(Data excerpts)
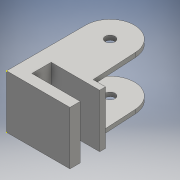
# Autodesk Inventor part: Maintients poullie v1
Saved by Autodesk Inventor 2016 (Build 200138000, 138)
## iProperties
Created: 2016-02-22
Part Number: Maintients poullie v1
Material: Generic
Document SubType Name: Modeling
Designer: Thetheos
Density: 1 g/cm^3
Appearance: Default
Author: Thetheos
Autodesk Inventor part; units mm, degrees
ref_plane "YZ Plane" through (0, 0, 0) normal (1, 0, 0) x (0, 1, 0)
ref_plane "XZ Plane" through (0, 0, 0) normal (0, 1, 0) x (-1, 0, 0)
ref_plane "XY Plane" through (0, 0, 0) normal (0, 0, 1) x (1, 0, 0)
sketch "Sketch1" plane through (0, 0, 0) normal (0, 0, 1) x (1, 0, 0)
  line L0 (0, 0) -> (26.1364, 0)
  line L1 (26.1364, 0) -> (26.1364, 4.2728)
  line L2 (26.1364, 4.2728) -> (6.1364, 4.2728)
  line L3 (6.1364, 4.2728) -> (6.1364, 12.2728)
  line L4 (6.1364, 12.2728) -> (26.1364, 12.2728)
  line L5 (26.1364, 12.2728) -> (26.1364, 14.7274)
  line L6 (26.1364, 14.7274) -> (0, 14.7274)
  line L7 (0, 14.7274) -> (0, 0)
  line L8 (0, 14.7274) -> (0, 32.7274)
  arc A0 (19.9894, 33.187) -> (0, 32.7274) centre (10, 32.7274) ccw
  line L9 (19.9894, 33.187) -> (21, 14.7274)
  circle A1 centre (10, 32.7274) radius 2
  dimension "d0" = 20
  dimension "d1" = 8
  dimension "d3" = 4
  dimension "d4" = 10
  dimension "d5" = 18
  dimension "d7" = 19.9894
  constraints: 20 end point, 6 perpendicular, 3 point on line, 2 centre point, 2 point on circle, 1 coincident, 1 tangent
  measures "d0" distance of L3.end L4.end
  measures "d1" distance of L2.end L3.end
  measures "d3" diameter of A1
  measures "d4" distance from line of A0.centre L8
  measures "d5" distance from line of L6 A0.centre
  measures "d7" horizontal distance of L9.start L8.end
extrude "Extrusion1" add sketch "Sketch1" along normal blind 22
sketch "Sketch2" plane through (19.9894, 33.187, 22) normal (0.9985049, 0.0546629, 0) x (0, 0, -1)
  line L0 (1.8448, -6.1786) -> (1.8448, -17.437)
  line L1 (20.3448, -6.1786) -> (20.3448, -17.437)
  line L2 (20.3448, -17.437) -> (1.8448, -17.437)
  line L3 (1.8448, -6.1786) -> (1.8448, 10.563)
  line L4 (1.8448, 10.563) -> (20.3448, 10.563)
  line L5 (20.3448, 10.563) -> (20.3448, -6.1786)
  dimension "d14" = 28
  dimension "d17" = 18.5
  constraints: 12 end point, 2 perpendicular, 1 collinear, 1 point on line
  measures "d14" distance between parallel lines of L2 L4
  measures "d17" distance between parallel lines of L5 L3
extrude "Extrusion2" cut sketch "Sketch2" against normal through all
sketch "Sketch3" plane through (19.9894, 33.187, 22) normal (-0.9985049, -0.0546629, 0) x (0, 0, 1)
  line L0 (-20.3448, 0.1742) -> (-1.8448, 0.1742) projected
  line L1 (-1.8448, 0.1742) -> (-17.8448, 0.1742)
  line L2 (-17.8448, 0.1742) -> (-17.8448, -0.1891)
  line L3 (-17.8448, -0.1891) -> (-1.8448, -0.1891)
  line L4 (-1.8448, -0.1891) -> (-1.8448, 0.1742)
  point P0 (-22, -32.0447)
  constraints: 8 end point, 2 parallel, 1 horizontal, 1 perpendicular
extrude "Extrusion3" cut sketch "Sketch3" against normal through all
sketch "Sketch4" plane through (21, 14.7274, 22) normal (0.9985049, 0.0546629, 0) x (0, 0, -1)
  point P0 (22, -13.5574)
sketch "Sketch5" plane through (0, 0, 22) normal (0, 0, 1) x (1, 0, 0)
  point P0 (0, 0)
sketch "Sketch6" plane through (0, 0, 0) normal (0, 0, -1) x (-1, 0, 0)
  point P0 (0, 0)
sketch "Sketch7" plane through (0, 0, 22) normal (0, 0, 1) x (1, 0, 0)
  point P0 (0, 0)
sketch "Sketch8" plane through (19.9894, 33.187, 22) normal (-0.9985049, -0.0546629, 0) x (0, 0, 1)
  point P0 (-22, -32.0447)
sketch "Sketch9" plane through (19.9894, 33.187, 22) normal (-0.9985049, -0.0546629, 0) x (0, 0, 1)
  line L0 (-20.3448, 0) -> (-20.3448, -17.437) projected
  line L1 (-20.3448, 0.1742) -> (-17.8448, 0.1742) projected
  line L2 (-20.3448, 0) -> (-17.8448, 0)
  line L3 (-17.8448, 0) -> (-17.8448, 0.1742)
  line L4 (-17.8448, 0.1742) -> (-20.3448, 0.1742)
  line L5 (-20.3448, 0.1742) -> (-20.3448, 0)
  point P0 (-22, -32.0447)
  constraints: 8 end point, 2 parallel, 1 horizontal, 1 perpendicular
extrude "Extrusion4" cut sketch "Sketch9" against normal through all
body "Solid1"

* **WHAT IS EXPECTED**: In the entries above, find the line holding "Material: Generic" and the line holding "line L7 (0, 14.7274) -> (0, 0)"; print both of them and every line between, exactly, and nothing else.

* **EXPECTED ANSWER**:
Material: Generic
Document SubType Name: Modeling
Designer: Thetheos
Density: 1 g/cm^3
Appearance: Default
Author: Thetheos
Autodesk Inventor part; units mm, degrees
ref_plane "YZ Plane" through (0, 0, 0) normal (1, 0, 0) x (0, 1, 0)
ref_plane "XZ Plane" through (0, 0, 0) normal (0, 1, 0) x (-1, 0, 0)
ref_plane "XY Plane" through (0, 0, 0) normal (0, 0, 1) x (1, 0, 0)
sketch "Sketch1" plane through (0, 0, 0) normal (0, 0, 1) x (1, 0, 0)
  line L0 (0, 0) -> (26.1364, 0)
  line L1 (26.1364, 0) -> (26.1364, 4.2728)
  line L2 (26.1364, 4.2728) -> (6.1364, 4.2728)
  line L3 (6.1364, 4.2728) -> (6.1364, 12.2728)
  line L4 (6.1364, 12.2728) -> (26.1364, 12.2728)
  line L5 (26.1364, 12.2728) -> (26.1364, 14.7274)
  line L6 (26.1364, 14.7274) -> (0, 14.7274)
  line L7 (0, 14.7274) -> (0, 0)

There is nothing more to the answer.